Notes: (A) Basal and KCl-stimulated synaptosomal protein translation was evaluated in hippocampal samples of Ctrl and Asc pups. (B) Depolarization in the presence of KCl induced an increase in the protein translation in synaptoneurosomes of the pups of the Ctrl (1.555±0.6100 for stimulated compared to 1.000±0.0 for unstimulated; mean ± SD). A similar elevation in protein translation was observed in pups supplemented with ascorbate alone (1.720±0.4584 for stimulated compared to 1.126±0.2650 for unstimulated; mean ± SD). Data are represented as mean ± SEM (n=6 rats per group). *Statistical significance between the stimulated translation and the respective basal controls (P=0.0108; F=4.778; ANOVA with Newman–Keuls correction).

Abbreviations: Asc, ascorbic acid; NS, nonsignificant; SEM, standard error of the mean; US, unstimulated; St, stimulated.

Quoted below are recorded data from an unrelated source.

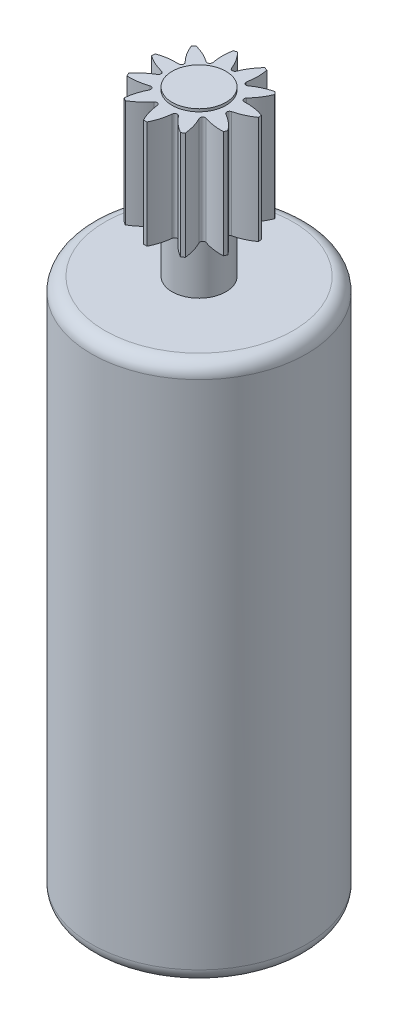
SolidWorks part; units mm, degrees
ref_plane "Front Plane" through (0, 0, 0) normal (0, 0, 1) x (1, 0, 0)
ref_plane "Top Plane" through (0, 0, 0) normal (0, 1, 0) x (1, 0, 0)
ref_plane "Right Plane" through (0, 0, 0) normal (1, 0, 0) x (0, 0, -1)
sketch "Sketch2" plane through (0, 0, 0) normal (0, 0, 1) x (1, 0, 0)
  line L0 (0, 0) -> (0, 26.1)
  line L1 (0, -55) -> (0, 55) construction
  line L2 (0, 0) -> (4, 0)
  line L3 (55, 0) -> (-55, 0) construction
  line L4 (4, 0) -> (4, 20)
  line L5 (4, 20) -> (1, 20)
  line L6 (1, 20) -> (1, 22)
  line L7 (1, 22) -> (2, 22)
  line L8 (2, 22) -> (2, 26)
  line L9 (2, 26) -> (1, 26)
  line L10 (0, 26.1) -> (1, 26.1)
  line L11 (1, 26) -> (1, 26.1)
  dimension "D1" = 26.1
  dimension "D2" = 4
  dimension "D3" = 20
  dimension "D4" = 3
  dimension "D5" = 2
  dimension "D6" = 1
  dimension "D7" = 4
  dimension "D8" = 1
  dimension "D9" = 0.1
revolve "Revolve1" add sketch "Sketch2" angle 360 about L0
fillet "Fillet1" radius 0.5 2 edges at (0, 0, -4) (0, 20, -4)
sketch "Sketch5" plane through (0, 26, 0) normal (0, 1, 0) x (1, 0, 0)
  line L0 (0, -4.4) -> (0, 4.4) construction
  line L1 (0, 1) -> (0, 2.2681) construction
  arc A0 (-0.0929, 1.2999) -> (-0.5, 1.9365) centre (-1.951, 0.5601) ccw
  circle A1 centre (0, 0) radius 1 construction
  circle A2 centre (0, 0) radius 2 construction
  arc A3 (0.0929, 1.2999) -> (0.5, 1.9365) centre (1.951, 0.5601) cw
  arc A4 (-0.0929, 1.2999) -> (0.0929, 1.2999) centre (0, 1.3369) ccw
  dimension "D2" = 2
  dimension "D3" = 2
  dimension "D4" = 0.1
  dimension "D1" = 1
extrude "Cut-Extrude1" cut sketch "Sketch5" against normal blind 4 and the other way through all
pattern_circular "CirPattern1" count 11 over 360 about axis through (0, 26, 0) along (0, -1, 0) of "Cut-Extrude1"
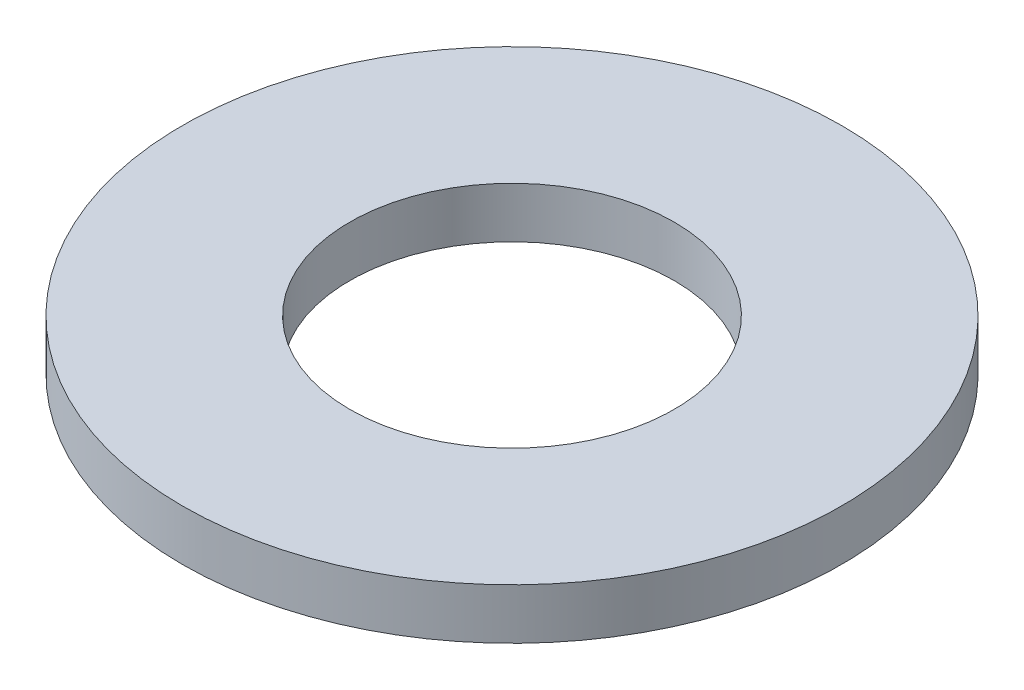
SolidWorks part; units mm, degrees
material "AISI 316 Stainless Steel Sheet (SS)"
ref_plane "Front Plane" through (0, 0, 0) normal (0, 0, 1) x (1, 0, 0)
ref_plane "Top Plane" through (0, 0, 0) normal (0, 1, 0) x (1, 0, 0)
ref_plane "Right Plane" through (0, 0, 0) normal (1, 0, 0) x (0, 0, -1)
sketch "Sketch1" plane through (0, 0, 0) normal (0, 1, 0) x (1, 0, 0)
  circle A0 centre (0, 0) radius 3.25
  circle A1 centre (0, 0) radius 1.6
  dimension "D1" = 6.5
  dimension "D2" = 3.2
extrude "Boss-Extrude1" add sketch "Sketch1" along normal blind 0.5

Figure S2 Developmental Pb exposure does not influence global protein translation in the hippocampi of rat pups.

Notes: (A) De novo global protein translation rates were assessed in hippocampal homogenate samples from the pups of Ctrl, Pb, and Pb-Asc groups. (B) No alteration in global translation was observed upon developmental exposure of pups to Pb with (0.9294±0.5748 compared to the Ctrl; mean ± SD) or without ascorbate supplementation (0.9816±0.4963 compared to the Ctrl; mean ± SD). Data are represented as mean ± SEM (n=6 rats per group) (P=0.9616; F=0.03927; ANOVA with Newman–Keuls correction).

Abbreviations: Asc, ascorbic acid; SEM, standard error of the mean.